TASK GOAL –
In the material below, find how many lines contain the string "name". Write only that number.

SOURCE MATERIAL –

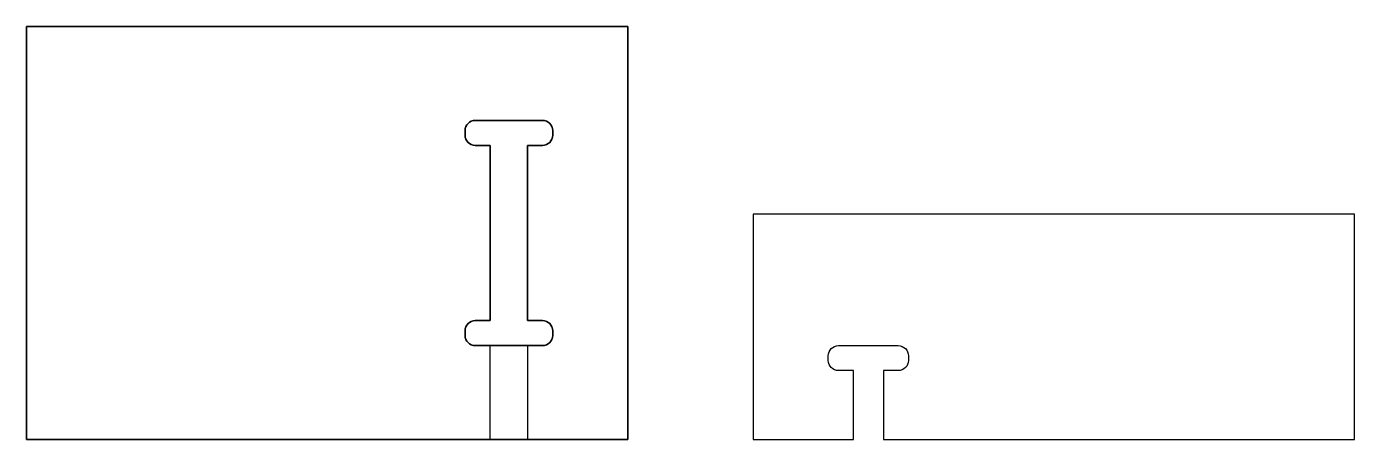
# Model space of a CAD drawing. Extents: x 0 to 530, y 9 to 174.
import ezdxf

# ---------------------------------------------------------------- set-up
doc = ezdxf.new("R2010")
doc.units = 0
doc.layers.add('1', color=7, linetype='CONTINUOUS')

# ---------------------------------------------------------------- blocks, each defined once
blk = doc.blocks.new('*M0')
at = {"layer": '1', "color": 7, "linetype": 'CONTINUOUS'}
for p, q in [((530, 51.39067, -68.60933), (290, 51.39067, -68.60933)), ((290, 51.39067, -53.60933), (290, 51.39067, -68.60933)), ((530, 51.39067, -53.60933), (290, 51.39067, -53.60933)), ((290, 51.39067, -68.60933), (290, -38.60933, -68.60933)), ((290, 51.39067, -53.60933), (290, -38.60933, -53.60933)), ((530, -38.60933, -68.60933), (530, 51.39067, -68.60933)), ((530, 51.39067, -53.60933), (530, 51.39067, -68.60933)), ((530, -38.60933, -53.60933), (530, 51.39067, -53.60933)), ((320, -7.00933, -68.60933), (320, -5.20933, -68.60933)), ((320, -5.20933, -53.60933), (320, -5.20933, -68.60933)), ((320, -7.00933, -53.60933), (320, -5.20933, -53.60933)), ((324.1, -1.10933, -53.60933), (324.1, -1.10933, -68.60933)), ((324.1, -1.10933, -68.60933), (347.9, -1.10933, -68.60933)), ((324.1, -1.10933, -53.60933), (347.9, -1.10933, -53.60933)), ((347.9, -1.10933, -53.60933), (347.9, -1.10933, -68.60933)), ((352, -5.20933, -53.60933), (352, -5.20933, -68.60933)), ((352, -5.20933, -68.60933), (352, -7.00933, -68.60933)), ((352, -5.20933, -53.60933), (352, -7.00933, -53.60933)), ((320, -7.00933, -53.60933), (320, -7.00933, -68.60933)), ((352, -7.00933, -53.60933), (352, -7.00933, -68.60933)), ((330, -11.10933, -68.60933), (324.1, -11.10933, -68.60933)), ((324.1, -11.10933, -53.60933), (324.1, -11.10933, -68.60933)), ((330, -11.10933, -53.60933), (324.1, -11.10933, -53.60933)), ((330, -38.60933, -68.60933), (330, -11.10933, -68.60933)), ((330, -11.10933, -53.60933), (330, -11.10933, -68.60933)), ((330, -38.60933, -53.60933), (330, -11.10933, -53.60933)), ((347.9, -11.10933, -68.60933), (342, -11.10933, -68.60933)), ((342, -11.10933, -53.60933), (342, -11.10933, -68.60933)), ((347.9, -11.10933, -53.60933), (342, -11.10933, -53.60933)), ((342, -11.10933, -68.60933), (342, -38.60933, -68.60933)), ((342, -11.10933, -53.60933), (342, -38.60933, -53.60933)), ((347.9, -11.10933, -53.60933), (347.9, -11.10933, -68.60933)), ((290, -38.60933, -53.60933), (290, -38.60933, -68.60933)), ((290, -38.60933, -68.60933), (330, -38.60933, -68.60933)), ((290, -38.60933, -53.60933), (330, -38.60933, -53.60933)), ((330, -38.60933, -53.60933), (330, -38.60933, -68.60933)), ((342, -38.60933, -53.60933), (342, -38.60933, -68.60933)), ((342, -38.60933, -68.60933), (530, -38.60933, -68.60933)), ((342, -38.60933, -53.60933), (530, -38.60933, -53.60933)), ((530, -38.60933, -53.60933), (530, -38.60933, -68.60933))]:
    blk.add_line(p, q, dxfattribs=at)
at = {"layer": '1', "color": 7, "linetype": 'CONTINUOUS', "extrusion": (0, 0, -1)}
for centre, start, end in [((-324.1, -5.20933, 68.60933), 360, 90), ((-324.1, -5.20933, 53.60933), 360, 90), ((-347.9, -5.20933, 68.60933), 90, 180), ((-347.9, -5.20933, 53.60933), 90, 180), ((-324.1, -7.00933, 68.60933), 270, 360), ((-324.1, -7.00933, 53.60933), 270, 360), ((-347.9, -7.00933, 68.60933), 180, 270), ((-347.9, -7.00933, 53.60933), 180, 270)]:
    blk.add_arc(centre, 4.1, start, end, dxfattribs=at)
blk = doc.blocks.new('*M1')
at = {"layer": '1', "color": 7, "linetype": 'CONTINUOUS'}
for p, q in [((185, -38.60933, -53.60933), (185, -1.10933, -53.60933)), ((185, -1.10933, -50.60933), (185, -1.10933, -53.60933)), ((185, -38.60933, -50.60933), (185, -1.10933, -50.60933)), ((185, -1.10933, -53.60933), (200, -1.10933, -53.60933)), ((200, -1.10933, -53.60933), (200, -38.60933, -53.60933)), ((200, -1.10933, -50.60933), (200, -38.60933, -50.60933)), ((200, -1.10933, -53.60933), (200, -1.10933, -50.60933)), ((185, -38.60933, -53.60933), (185, -38.60933, -50.60933)), ((200, -38.60933, -53.60933), (185, -38.60933, -53.60933)), ((200, -38.60933, -50.60933), (200, -38.60933, -53.60933))]:
    blk.add_line(p, q, dxfattribs=at)
blk = doc.blocks.new('*M2')
at = {"layer": '1', "color": 7, "linetype": 'CONTINUOUS'}
for p, q in [((0, 126.39067, -68.60933), (0, -38.60933, -68.60933)), ((0, -38.60933, -53.60933), (0, 126.39067, -53.60933)), ((0, 126.39067, -53.60933), (0, 126.39067, -68.60933)), ((240, 126.39067, -68.60933), (0, 126.39067, -68.60933)), ((0, 126.39067, -53.60933), (240, 126.39067, -53.60933)), ((240, -38.60933, -68.60933), (240, 126.39067, -68.60933)), ((240, 126.39067, -53.60933), (240, 126.39067, -68.60933)), ((240, 126.39067, -53.60933), (240, -38.60933, -53.60933)), ((179.1, 88.89067, -53.60933), (179.1, 88.89067, -68.60933)), ((179.1, 88.89067, -68.60933), (205.9, 88.89067, -68.60933)), ((205.9, 88.89067, -53.60933), (179.1, 88.89067, -53.60933)), ((205.9, 88.89067, -53.60933), (205.9, 88.89067, -68.60933)), ((175, 82.99067, -68.60933), (175, 84.79067, -68.60933)), ((175, 84.79067, -53.60933), (175, 84.79067, -68.60933)), ((175, 84.79067, -53.60933), (175, 82.99067, -53.60933)), ((175, 82.99067, -53.60933), (175, 82.99067, -68.60933)), ((210, 84.79067, -53.60933), (210, 84.79067, -68.60933)), ((210, 84.79067, -68.60933), (210, 82.99067, -68.60933)), ((210, 82.99067, -53.60933), (210, 84.79067, -53.60933)), ((210, 82.99067, -53.60933), (210, 82.99067, -68.60933)), ((185, 78.89067, -68.60933), (179.1, 78.89067, -68.60933)), ((179.1, 78.89067, -53.60933), (179.1, 78.89067, -68.60933)), ((179.1, 78.89067, -53.60933), (185, 78.89067, -53.60933)), ((185, 78.89067, -53.60933), (185, 78.89067, -68.60933)), ((185, 8.89067, -68.60933), (185, 78.89067, -68.60933)), ((185, 78.89067, -53.60933), (185, 8.89067, -53.60933)), ((205.9, 78.89067, -68.60933), (200, 78.89067, -68.60933)), ((200, 78.89067, -53.60933), (200, 78.89067, -68.60933)), ((200, 78.89067, -53.60933), (205.9, 78.89067, -53.60933)), ((200, 78.89067, -68.60933), (200, 8.89067, -68.60933)), ((200, 8.89067, -53.60933), (200, 78.89067, -53.60933)), ((205.9, 78.89067, -53.60933), (205.9, 78.89067, -68.60933)), ((179.1, 8.89067, -53.60933), (179.1, 8.89067, -68.60933)), ((179.1, 8.89067, -68.60933), (185, 8.89067, -68.60933)), ((185, 8.89067, -53.60933), (179.1, 8.89067, -53.60933)), ((185, 8.89067, -53.60933), (185, 8.89067, -68.60933)), ((200, 8.89067, -53.60933), (200, 8.89067, -68.60933)), ((200, 8.89067, -68.60933), (205.9, 8.89067, -68.60933)), ((205.9, 8.89067, -53.60933), (200, 8.89067, -53.60933)), ((205.9, 8.89067, -53.60933), (205.9, 8.89067, -68.60933)), ((175, 2.99067, -68.60933), (175, 4.79067, -68.60933)), ((175, 4.79067, -53.60933), (175, 4.79067, -68.60933)), ((175, 4.79067, -53.60933), (175, 2.99067, -53.60933)), ((175, 2.99067, -53.60933), (175, 2.99067, -68.60933)), ((210, 4.79067, -53.60933), (210, 4.79067, -68.60933)), ((210, 4.79067, -68.60933), (210, 2.99067, -68.60933)), ((210, 2.99067, -53.60933), (210, 4.79067, -53.60933)), ((210, 2.99067, -53.60933), (210, 2.99067, -68.60933)), ((185, -1.10933, -68.60933), (179.1, -1.10933, -68.60933)), ((179.1, -1.10933, -53.60933), (179.1, -1.10933, -68.60933)), ((179.1, -1.10933, -53.60933), (185, -1.10933, -53.60933)), ((200, -1.10933, -68.60933), (185, -1.10933, -68.60933)), ((185, -1.10933, -56.60933), (185, -1.10933, -68.60933)), ((205.9, -1.10933, -68.60933), (200, -1.10933, -68.60933)), ((200, -1.10933, -56.60933), (200, -1.10933, -68.60933)), ((200, -1.10933, -53.60933), (205.9, -1.10933, -53.60933)), ((205.9, -1.10933, -53.60933), (205.9, -1.10933, -68.60933)), ((185, -38.60933, -53.60933), (0, -38.60933, -53.60933)), ((0, -38.60933, -53.60933), (0, -38.60933, -68.60933)), ((0, -38.60933, -68.60933), (240, -38.60933, -68.60933)), ((240, -38.60933, -53.60933), (200, -38.60933, -53.60933)), ((240, -38.60933, -53.60933), (240, -38.60933, -68.60933))]:
    blk.add_line(p, q, dxfattribs=at)
at = {"layer": '1', "color": 7, "linetype": 'CONTINUOUS', "extrusion": (0, 0, -1)}
for centre, start, end in [((-179.1, 84.79067, 68.60933), 360, 90), ((-205.9, 84.79067, 68.60933), 90, 180), ((-179.1, 82.99067, 68.60933), 270, 360), ((-205.9, 82.99067, 68.60933), 180, 270), ((-179.1, 4.79067, 68.60933), 360, 90), ((-205.9, 4.79067, 68.60933), 90, 180), ((-179.1, 2.99067, 68.60933), 270, 360), ((-205.9, 2.99067, 68.60933), 180, 270)]:
    blk.add_arc(centre, 4.1, start, end, dxfattribs=at)
at = {"layer": '1', "color": 7, "linetype": 'CONTINUOUS'}
for centre, start, end in [((179.1, 84.79067, -53.60933), 90, 180), ((205.9, 84.79067, -53.60933), 0, 90), ((179.1, 82.99067, -53.60933), 180, 270), ((205.9, 82.99067, -53.60933), 270, 360), ((179.1, 4.79067, -53.60933), 90, 180), ((205.9, 4.79067, -53.60933), 0, 90), ((179.1, 2.99067, -53.60933), 180, 270), ((205.9, 2.99067, -53.60933), 270, 360)]:
    blk.add_arc(centre, 4.1, start, end, dxfattribs=at)
blk = doc.blocks.new('*M3')
at = {"layer": '1', "color": 7, "linetype": 'CONTINUOUS'}
for name, p in [('*M2', (0, 0)), ('*M1', (0, 0, -3))]:
    blk.add_blockref(name, p, dxfattribs=at)

msp = doc.modelspace()

# ---------------------------------------------------------------- block references
at = {"layer": '1', "color": 7, "linetype": 'CONTINUOUS'}
for name in ['*M3', '*M0']:
    msp.add_blockref(name, (0, 47.13375, 114.96309), dxfattribs=at)

doc.saveas('drawing.dxf')

EXERCISE SOLUTION –
4